- Opening Delimiter -

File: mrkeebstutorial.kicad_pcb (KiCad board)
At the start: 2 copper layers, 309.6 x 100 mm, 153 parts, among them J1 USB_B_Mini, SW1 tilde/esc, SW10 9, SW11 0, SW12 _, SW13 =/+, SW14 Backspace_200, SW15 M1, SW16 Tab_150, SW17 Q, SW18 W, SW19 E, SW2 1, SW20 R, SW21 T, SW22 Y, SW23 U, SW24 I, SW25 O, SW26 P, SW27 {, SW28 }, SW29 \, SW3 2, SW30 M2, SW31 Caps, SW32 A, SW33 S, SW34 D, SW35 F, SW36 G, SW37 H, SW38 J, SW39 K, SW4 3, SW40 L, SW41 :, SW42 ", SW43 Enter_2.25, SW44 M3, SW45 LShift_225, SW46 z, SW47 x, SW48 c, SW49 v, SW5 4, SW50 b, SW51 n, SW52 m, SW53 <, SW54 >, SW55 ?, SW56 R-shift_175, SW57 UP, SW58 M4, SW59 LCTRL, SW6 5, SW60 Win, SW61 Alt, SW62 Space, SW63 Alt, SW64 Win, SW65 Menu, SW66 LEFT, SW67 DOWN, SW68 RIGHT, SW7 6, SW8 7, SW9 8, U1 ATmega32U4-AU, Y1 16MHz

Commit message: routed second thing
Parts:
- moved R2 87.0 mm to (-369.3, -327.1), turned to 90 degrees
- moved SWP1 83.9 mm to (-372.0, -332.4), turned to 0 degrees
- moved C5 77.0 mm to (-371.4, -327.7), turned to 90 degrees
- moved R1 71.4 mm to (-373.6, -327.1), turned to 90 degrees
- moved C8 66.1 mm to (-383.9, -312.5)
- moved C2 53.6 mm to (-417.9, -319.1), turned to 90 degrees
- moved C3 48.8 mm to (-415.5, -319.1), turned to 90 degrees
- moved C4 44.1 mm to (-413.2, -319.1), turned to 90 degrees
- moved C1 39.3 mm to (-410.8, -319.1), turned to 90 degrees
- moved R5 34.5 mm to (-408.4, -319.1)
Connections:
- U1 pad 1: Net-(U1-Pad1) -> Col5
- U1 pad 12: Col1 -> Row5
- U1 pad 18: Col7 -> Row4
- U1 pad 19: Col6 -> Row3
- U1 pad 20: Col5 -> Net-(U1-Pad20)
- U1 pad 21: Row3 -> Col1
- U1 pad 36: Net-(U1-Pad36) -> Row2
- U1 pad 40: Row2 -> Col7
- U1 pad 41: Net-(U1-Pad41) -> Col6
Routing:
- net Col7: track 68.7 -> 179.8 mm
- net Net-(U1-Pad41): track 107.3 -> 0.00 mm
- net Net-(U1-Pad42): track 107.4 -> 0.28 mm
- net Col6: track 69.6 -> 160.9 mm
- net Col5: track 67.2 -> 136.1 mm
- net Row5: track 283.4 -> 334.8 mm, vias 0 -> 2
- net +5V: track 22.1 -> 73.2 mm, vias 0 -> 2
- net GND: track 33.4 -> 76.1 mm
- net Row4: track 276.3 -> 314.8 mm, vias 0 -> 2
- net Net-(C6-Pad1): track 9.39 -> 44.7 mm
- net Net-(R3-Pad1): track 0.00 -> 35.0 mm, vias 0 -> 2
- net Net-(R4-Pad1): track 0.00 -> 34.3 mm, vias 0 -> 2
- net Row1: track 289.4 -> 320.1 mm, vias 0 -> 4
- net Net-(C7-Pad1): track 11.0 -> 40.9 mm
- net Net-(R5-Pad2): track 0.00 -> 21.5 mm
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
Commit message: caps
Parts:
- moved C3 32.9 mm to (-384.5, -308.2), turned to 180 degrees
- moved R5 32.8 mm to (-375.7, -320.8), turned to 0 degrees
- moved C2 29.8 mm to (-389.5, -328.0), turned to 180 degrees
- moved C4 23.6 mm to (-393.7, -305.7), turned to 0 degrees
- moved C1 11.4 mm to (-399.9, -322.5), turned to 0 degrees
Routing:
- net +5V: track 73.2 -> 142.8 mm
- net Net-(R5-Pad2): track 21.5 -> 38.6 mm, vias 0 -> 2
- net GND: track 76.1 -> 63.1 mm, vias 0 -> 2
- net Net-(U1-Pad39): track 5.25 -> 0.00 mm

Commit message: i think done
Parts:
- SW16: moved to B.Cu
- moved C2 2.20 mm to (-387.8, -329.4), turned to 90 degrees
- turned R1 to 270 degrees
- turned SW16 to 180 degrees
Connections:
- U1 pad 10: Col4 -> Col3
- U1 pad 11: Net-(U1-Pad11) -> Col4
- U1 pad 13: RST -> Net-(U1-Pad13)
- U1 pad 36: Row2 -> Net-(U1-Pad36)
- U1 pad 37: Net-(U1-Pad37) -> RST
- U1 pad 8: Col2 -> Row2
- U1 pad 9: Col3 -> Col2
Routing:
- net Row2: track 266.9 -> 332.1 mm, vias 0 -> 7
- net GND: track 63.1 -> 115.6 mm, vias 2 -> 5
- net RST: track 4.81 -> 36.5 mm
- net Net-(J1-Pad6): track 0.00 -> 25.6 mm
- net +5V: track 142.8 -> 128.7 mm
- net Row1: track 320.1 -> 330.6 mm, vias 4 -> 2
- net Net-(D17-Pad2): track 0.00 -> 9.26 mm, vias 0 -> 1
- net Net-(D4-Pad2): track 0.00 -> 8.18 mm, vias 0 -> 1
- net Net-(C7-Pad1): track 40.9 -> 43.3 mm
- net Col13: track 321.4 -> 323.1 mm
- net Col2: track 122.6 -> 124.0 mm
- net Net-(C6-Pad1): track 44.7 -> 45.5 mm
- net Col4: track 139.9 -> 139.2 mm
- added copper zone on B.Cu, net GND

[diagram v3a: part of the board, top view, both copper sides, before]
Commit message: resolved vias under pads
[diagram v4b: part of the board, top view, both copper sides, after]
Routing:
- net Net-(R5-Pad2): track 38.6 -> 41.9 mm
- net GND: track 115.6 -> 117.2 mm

- Closing Delimiter -

All lines with the word "diagram" are needed; pull them from the entries and copy each.

**WRITTEN SOLUTION**
[diagram v3a: part of the board, top view, both copper sides, before]
[diagram v4b: part of the board, top view, both copper sides, after]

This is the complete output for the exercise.